A word-for-word copy of the line containing "col_collection.objects.link(ob_cube_002)" and every following line to the end of the data below is all the answer should hold.

* _Data section_
------
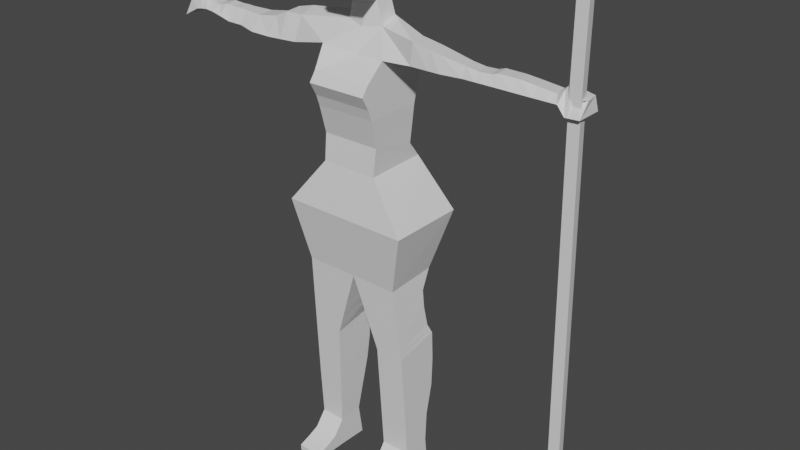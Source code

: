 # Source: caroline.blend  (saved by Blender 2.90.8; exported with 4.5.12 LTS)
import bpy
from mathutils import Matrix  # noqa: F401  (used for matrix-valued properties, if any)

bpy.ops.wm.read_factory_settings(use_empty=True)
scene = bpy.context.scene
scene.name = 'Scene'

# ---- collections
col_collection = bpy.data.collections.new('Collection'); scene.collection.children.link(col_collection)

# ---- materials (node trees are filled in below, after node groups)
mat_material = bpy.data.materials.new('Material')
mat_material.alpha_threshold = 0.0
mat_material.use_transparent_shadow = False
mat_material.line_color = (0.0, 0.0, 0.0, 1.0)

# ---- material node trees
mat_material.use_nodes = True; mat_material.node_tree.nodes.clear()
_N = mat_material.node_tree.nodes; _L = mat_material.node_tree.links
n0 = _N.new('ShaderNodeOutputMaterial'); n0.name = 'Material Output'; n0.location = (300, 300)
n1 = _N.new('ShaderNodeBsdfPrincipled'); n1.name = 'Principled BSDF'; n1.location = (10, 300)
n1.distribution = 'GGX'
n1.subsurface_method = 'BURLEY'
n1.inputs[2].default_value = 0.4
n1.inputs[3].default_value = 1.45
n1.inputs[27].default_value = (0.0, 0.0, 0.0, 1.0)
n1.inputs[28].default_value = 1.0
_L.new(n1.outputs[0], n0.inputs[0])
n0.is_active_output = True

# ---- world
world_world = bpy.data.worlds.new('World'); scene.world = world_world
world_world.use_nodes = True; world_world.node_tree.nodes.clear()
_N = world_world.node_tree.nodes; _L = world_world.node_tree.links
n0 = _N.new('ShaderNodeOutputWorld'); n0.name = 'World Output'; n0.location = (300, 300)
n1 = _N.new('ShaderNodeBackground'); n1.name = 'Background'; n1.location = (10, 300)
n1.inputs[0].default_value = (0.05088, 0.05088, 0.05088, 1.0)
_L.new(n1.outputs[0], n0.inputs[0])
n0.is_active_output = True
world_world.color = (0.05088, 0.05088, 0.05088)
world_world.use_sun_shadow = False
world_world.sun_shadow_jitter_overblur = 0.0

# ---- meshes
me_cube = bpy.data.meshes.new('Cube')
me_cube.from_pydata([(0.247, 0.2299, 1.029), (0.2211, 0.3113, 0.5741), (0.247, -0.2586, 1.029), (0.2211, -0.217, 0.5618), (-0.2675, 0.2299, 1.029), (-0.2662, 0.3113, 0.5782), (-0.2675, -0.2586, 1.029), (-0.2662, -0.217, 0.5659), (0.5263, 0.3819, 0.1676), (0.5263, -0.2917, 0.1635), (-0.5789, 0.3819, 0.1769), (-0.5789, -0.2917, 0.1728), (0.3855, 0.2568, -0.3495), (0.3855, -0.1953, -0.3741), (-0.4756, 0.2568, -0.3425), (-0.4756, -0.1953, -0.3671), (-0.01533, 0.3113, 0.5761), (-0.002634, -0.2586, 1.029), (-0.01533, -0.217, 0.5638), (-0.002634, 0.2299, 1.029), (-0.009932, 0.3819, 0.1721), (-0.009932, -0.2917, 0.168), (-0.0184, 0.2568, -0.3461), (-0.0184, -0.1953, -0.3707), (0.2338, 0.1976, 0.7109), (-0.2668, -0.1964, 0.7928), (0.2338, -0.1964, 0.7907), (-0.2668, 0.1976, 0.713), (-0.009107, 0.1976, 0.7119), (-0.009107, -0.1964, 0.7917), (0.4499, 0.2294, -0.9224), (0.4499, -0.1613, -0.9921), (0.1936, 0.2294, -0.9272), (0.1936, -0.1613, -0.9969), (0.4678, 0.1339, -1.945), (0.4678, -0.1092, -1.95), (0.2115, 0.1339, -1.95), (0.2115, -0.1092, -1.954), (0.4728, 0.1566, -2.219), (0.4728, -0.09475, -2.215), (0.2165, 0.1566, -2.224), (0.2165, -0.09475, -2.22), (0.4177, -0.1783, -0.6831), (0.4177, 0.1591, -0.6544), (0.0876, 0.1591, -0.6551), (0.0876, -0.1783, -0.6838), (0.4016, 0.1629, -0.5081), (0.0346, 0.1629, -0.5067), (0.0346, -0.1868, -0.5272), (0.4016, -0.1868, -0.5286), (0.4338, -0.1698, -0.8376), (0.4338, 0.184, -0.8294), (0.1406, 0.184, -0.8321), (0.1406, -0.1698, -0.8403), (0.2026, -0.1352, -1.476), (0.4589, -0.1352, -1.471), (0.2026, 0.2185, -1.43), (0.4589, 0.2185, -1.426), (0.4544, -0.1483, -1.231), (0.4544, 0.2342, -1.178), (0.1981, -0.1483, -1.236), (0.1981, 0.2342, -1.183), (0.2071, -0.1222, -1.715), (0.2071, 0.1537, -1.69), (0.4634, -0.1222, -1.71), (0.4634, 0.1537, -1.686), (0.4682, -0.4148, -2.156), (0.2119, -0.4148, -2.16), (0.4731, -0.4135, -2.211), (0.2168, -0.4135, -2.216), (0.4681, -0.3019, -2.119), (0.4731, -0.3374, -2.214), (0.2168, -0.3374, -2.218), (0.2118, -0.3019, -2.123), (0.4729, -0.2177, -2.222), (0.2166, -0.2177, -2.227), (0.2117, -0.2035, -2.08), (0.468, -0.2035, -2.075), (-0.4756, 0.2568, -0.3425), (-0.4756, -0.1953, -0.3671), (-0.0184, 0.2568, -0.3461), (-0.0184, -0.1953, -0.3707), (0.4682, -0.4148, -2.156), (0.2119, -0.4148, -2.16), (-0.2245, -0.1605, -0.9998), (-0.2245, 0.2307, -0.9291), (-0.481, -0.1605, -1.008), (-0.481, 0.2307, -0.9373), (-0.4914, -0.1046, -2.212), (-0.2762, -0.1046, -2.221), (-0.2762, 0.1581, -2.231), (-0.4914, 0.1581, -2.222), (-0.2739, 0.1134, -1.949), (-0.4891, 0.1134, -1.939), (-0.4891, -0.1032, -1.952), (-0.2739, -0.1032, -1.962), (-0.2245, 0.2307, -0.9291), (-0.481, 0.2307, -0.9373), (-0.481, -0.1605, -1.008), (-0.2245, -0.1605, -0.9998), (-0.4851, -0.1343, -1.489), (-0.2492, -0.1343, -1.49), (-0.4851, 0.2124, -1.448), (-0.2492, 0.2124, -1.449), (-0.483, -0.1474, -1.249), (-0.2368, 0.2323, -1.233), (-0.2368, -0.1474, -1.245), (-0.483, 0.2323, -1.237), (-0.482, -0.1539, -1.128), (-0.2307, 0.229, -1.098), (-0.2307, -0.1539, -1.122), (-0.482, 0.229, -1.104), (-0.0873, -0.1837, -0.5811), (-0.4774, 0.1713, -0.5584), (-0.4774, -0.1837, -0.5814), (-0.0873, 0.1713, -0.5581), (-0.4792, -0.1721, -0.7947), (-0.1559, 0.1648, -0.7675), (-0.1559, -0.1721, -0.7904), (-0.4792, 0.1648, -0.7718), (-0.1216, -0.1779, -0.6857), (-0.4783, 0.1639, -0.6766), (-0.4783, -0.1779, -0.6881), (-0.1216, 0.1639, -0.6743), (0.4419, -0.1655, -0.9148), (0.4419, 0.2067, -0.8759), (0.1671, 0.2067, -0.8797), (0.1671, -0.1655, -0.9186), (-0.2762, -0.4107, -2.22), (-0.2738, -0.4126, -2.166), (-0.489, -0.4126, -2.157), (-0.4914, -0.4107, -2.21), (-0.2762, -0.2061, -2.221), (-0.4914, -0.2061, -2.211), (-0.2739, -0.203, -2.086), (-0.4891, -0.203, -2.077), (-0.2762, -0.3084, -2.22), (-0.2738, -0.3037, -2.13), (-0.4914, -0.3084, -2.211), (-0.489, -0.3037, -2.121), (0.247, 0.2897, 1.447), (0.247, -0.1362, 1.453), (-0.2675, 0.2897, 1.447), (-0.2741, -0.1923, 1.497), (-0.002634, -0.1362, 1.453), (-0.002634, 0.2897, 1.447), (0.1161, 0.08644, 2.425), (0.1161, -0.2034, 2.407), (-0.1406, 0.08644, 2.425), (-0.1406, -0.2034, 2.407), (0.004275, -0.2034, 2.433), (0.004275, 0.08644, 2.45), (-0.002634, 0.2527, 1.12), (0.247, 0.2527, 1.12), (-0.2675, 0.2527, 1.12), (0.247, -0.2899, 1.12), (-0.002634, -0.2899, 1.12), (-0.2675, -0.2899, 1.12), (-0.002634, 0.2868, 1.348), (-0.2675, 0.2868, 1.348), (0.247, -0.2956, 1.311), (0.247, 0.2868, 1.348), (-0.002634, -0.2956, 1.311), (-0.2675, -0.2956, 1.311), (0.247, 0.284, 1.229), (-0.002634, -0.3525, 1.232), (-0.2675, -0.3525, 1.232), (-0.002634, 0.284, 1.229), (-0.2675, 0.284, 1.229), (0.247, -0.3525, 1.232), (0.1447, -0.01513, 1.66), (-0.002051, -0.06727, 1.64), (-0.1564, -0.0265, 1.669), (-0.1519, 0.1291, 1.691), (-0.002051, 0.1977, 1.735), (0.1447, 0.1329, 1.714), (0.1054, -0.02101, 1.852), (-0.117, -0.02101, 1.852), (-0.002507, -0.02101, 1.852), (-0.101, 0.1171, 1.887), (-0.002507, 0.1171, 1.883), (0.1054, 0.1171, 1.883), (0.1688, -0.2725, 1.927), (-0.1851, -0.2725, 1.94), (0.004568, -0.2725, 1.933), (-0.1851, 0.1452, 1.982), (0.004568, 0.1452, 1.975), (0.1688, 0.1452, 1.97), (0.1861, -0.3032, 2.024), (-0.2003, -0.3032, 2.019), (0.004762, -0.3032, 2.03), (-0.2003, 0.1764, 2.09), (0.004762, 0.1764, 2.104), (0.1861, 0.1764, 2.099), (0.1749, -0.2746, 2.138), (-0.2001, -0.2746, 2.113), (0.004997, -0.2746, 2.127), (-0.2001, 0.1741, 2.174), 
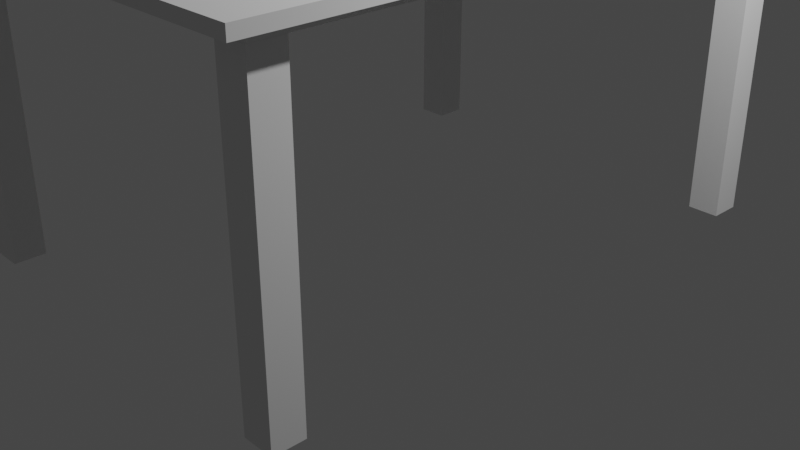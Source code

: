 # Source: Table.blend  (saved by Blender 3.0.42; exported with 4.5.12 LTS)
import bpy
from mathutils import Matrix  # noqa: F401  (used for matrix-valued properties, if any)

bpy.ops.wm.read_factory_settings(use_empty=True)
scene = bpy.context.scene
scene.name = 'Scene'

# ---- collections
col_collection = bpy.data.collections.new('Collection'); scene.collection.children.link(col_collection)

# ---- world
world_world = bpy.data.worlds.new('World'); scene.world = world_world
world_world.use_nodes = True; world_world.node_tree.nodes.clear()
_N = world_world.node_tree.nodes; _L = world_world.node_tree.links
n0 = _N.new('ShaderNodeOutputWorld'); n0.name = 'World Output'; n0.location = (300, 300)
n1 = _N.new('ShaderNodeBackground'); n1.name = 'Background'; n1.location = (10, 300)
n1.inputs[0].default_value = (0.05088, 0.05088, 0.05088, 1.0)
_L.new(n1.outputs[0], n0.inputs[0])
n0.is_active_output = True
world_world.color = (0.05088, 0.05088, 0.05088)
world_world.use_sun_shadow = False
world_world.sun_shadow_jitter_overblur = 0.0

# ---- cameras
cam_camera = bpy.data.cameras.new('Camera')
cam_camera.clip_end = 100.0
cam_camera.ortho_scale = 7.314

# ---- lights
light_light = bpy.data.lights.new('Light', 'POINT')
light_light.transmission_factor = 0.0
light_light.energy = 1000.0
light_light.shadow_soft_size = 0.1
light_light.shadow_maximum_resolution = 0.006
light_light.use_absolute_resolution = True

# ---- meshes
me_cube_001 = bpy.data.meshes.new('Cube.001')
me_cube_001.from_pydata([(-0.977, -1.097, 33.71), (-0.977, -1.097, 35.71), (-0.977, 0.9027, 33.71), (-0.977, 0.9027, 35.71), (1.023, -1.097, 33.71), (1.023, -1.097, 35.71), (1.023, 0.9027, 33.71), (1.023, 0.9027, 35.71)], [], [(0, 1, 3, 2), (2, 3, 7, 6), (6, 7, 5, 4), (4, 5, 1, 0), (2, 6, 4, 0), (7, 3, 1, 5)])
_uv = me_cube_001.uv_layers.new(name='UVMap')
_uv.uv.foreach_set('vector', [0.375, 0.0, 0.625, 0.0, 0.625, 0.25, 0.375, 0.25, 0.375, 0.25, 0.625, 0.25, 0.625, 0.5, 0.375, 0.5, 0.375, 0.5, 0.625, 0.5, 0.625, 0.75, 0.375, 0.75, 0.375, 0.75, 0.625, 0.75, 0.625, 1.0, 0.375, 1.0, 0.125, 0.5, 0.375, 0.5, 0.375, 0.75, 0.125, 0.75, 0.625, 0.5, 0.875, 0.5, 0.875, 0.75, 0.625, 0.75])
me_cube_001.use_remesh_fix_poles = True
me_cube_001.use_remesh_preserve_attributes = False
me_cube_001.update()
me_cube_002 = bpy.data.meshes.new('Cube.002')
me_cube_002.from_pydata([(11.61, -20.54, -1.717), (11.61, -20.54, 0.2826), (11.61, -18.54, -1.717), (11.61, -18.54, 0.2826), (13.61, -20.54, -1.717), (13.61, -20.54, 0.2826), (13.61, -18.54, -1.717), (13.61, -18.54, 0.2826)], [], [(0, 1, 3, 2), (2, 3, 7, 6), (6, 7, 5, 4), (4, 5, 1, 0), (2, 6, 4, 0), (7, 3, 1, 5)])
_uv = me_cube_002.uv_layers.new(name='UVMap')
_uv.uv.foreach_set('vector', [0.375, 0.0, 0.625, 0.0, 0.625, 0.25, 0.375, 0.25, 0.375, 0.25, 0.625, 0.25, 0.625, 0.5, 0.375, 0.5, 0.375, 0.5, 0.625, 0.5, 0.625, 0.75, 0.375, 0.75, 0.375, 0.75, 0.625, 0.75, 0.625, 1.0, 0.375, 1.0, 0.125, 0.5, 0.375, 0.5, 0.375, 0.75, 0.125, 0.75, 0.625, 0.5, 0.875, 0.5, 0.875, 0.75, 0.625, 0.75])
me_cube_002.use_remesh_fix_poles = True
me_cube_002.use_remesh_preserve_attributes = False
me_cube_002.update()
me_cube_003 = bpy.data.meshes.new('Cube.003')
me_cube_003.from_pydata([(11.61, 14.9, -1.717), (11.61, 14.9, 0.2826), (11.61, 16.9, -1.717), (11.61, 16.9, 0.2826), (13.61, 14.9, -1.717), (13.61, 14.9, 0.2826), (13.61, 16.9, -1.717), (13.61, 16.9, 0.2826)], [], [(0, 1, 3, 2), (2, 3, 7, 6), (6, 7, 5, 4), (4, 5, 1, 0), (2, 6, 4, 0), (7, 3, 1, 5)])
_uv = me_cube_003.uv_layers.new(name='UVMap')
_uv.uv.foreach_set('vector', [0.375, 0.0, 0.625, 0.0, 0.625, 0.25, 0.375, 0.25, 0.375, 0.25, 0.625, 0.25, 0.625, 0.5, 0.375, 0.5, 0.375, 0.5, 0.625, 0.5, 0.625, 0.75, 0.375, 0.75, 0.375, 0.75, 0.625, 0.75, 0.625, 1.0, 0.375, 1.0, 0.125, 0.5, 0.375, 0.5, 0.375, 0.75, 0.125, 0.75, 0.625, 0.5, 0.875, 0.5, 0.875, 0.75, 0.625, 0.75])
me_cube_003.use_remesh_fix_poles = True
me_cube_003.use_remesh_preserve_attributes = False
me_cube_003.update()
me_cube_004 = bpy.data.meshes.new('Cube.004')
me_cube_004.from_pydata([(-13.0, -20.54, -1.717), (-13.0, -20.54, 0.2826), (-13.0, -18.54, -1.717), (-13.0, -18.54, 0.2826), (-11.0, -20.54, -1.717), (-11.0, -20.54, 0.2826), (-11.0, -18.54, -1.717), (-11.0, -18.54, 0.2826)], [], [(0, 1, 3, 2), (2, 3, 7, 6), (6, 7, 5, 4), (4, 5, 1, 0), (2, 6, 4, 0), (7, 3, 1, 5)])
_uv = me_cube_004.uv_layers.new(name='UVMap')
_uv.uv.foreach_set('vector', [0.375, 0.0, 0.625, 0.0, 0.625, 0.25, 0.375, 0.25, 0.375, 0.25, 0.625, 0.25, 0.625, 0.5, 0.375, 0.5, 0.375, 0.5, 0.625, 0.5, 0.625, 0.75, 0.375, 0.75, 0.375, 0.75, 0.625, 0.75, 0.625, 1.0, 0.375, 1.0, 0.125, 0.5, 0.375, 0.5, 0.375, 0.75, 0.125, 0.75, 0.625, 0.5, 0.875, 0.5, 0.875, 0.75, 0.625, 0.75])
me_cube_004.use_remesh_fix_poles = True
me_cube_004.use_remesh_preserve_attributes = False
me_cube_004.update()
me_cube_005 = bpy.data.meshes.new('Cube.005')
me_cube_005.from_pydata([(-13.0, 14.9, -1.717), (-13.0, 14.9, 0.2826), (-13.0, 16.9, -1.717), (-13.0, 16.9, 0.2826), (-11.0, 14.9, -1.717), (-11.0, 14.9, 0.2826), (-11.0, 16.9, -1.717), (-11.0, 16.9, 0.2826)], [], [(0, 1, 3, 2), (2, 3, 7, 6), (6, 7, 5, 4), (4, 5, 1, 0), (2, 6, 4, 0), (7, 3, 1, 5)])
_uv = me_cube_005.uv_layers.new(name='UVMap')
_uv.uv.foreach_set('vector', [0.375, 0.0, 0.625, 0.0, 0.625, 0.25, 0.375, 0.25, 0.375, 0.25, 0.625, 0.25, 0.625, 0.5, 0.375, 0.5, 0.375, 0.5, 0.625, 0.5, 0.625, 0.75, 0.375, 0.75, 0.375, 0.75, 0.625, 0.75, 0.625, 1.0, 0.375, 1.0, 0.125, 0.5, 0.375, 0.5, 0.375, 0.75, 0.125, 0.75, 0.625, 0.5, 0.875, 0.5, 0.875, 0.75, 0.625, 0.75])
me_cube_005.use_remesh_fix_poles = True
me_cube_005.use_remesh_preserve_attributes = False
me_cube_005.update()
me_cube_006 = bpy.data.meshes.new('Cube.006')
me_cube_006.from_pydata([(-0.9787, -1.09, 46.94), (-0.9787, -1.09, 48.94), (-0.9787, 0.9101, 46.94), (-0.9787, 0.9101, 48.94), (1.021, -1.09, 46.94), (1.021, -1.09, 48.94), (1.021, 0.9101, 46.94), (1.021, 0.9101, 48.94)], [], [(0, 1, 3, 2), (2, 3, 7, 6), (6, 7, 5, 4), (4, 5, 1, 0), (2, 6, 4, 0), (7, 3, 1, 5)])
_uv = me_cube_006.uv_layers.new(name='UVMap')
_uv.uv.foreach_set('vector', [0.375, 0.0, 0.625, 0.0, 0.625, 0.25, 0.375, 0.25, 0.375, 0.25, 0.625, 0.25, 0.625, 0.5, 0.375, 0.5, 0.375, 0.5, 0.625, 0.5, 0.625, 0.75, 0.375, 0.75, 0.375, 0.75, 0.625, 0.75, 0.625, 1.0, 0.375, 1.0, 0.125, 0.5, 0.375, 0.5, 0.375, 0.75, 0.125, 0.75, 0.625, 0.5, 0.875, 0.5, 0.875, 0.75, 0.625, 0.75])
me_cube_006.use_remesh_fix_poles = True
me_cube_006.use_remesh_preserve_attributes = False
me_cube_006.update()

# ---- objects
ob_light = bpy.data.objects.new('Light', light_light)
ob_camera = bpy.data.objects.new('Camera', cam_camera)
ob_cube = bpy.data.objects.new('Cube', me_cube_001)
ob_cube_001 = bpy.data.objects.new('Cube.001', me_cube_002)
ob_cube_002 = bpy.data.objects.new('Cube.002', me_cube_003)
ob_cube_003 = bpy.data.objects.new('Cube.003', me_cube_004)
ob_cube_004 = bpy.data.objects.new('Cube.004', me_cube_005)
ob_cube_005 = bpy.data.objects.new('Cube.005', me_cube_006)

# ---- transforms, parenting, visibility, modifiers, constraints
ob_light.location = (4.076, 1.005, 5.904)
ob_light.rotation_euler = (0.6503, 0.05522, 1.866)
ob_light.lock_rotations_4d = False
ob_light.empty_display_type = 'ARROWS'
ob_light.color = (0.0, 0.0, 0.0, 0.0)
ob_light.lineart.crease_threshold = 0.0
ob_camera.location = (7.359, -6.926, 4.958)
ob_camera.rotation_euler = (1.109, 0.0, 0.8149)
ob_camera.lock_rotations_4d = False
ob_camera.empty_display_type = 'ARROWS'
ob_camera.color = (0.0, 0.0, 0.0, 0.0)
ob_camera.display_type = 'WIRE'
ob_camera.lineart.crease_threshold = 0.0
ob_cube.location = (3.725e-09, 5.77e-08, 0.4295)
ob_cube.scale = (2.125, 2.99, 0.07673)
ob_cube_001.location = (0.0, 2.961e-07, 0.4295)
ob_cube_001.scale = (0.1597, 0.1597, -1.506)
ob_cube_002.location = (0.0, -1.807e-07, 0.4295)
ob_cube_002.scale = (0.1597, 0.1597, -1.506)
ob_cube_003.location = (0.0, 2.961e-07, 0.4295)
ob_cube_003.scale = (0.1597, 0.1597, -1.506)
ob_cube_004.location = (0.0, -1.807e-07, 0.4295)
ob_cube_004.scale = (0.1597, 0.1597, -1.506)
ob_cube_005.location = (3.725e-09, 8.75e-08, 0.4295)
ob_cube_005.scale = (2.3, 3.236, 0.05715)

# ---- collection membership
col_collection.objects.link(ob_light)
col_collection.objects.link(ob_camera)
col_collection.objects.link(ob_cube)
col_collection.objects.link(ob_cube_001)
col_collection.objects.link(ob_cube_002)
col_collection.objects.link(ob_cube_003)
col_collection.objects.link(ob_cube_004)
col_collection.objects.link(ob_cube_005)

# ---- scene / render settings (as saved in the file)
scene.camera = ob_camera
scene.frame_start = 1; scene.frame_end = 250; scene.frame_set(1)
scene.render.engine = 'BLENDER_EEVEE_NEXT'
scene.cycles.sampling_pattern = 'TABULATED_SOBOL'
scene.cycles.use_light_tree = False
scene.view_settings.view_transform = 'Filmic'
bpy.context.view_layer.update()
------
* _Output_
col_collection.objects.link(ob_cube_002)
col_collection.objects.link(ob_cube_003)
col_collection.objects.link(ob_cube_004)
col_collection.objects.link(ob_cube_005)

# ---- scene / render settings (as saved in the file)
scene.camera = ob_camera
scene.frame_start = 1; scene.frame_end = 250; scene.frame_set(1)
scene.render.engine = 'BLENDER_EEVEE_NEXT'
scene.cycles.sampling_pattern = 'TABULATED_SOBOL'
scene.cycles.use_light_tree = False
scene.view_settings.view_transform = 'Filmic'
bpy.context.view_layer.update()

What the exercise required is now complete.